# venire a trovare



## ladonnamonnalisa

¿Es correcto si traduzco " voglio venirvi a trovare" por "quiero ir a encontraros"? Estoy hablando con un amigo de que va a venir de viaje a verme. ¿ Sería correcto?


----------



## Neuromante

Veamos:
Las reglas del foro piden que seas tú quien ponga una traducción para *corregirla*, jamás se hacen traducciones. También dicen que debes aportar el contexto suficiente y utilizar correctamente los signos de puntuación.
Además: No se tratan temas gramaticales del tipo; la conjugación (completa) de un verbo


----------



## ladonnamonnalisa

Ups, ¡lo siento! Ya está corregido.


----------



## Neuromante

Ahoooraaa.
Hay montones de posibles traducciones, al fin y al cabo se trata de una expresión y dependerá siempre de la persona. Pero el sentido es ése que traduces.

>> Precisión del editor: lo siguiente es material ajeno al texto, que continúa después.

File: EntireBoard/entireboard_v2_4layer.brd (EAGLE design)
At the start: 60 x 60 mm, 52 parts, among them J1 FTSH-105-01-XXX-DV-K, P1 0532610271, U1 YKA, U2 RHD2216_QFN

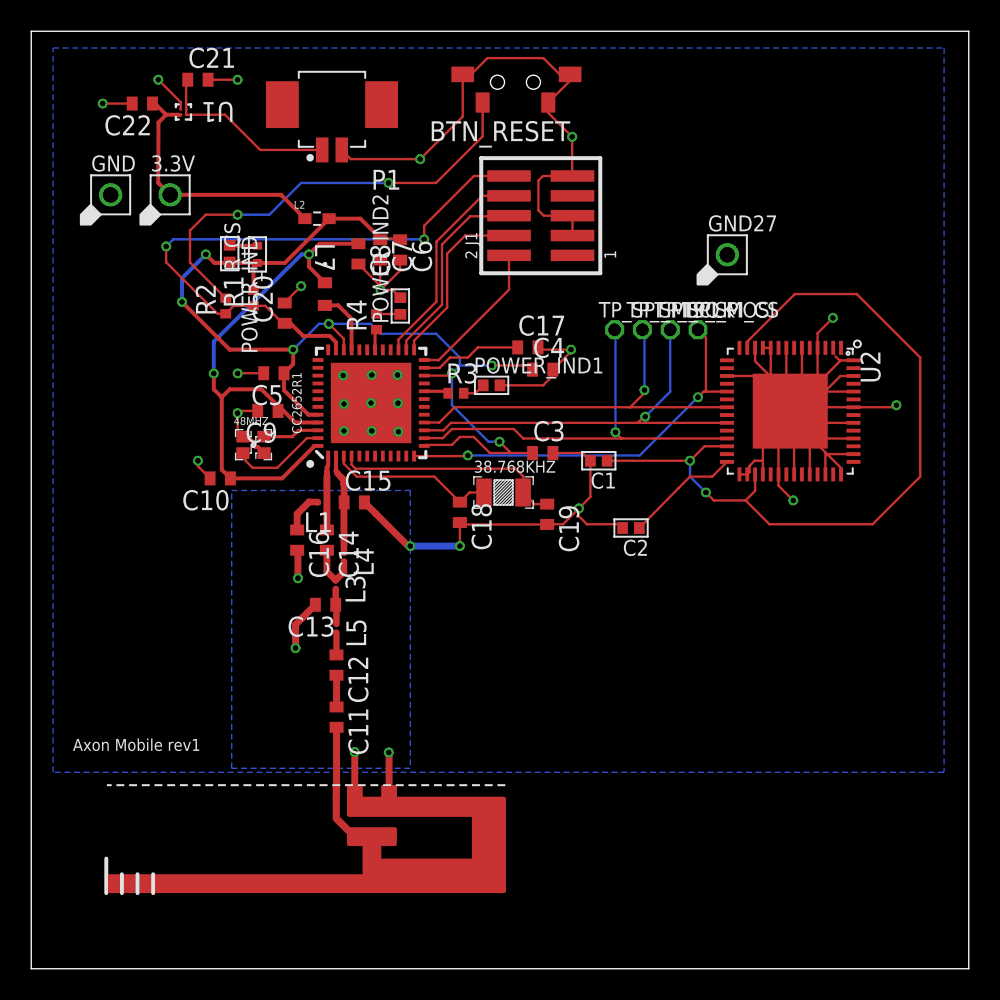
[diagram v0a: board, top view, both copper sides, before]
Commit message: drc for 4-layer
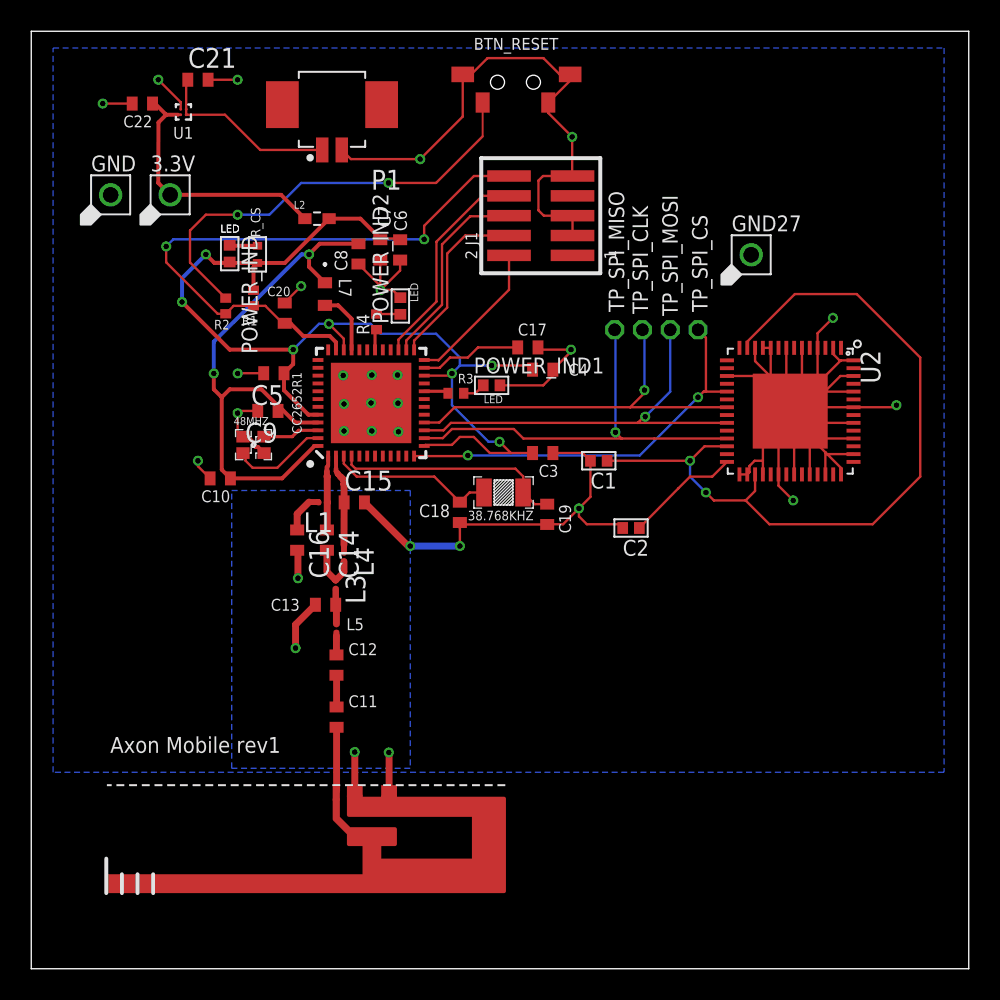
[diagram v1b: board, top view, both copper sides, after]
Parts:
- moved GND27 1.52 mm to (46.1, 45.7)
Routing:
- net GND: track 174.9 -> 175.5 mm, vias 22 -> 30
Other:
- board text added: "LED"

Sea como sea: Sería más correcto usar otro verbo: Quizás *visitar*


----------



## infinite sadness

"Vorrei venirvi a trovare" mi sembra più corretto. "Voglio" suona poco gentile.


----------



## ladonnamonnalisa

Poco gentile? In che senso? Mi lo ha detto un amico, e allora non è così formale.


----------



## infinite sadness

Non so, a me dà l'idea di una imposizione.


----------



## ladonnamonnalisa

E non può essere una espressione di un desiderio? In spagnolo se io dico:"¡Quiero ir a visitaros!" non è poco gentile, è di un desiderio


----------



## infinite sadness

Sì, il significato è quello di "me gustaría ir a visitaros", però usare la parola "voglio" non mi sembra una formula di cortesia.

Sai, quando eravamo piccoli, i grandi ci dicevano che "l'erba voglio non cresce neanche nel giardino del Re".


----------



## Neuromante

En españoles u8sa quiero". Si usaríamos "quisiera" nos sonaría a solicitud y no a deseo. No concuerdan los modos verbales


----------



## Tomby

infinite sadness said:


> "Vorrei venirvi a trovare" mi sembra più corretto. "Voglio" suona poco gentile.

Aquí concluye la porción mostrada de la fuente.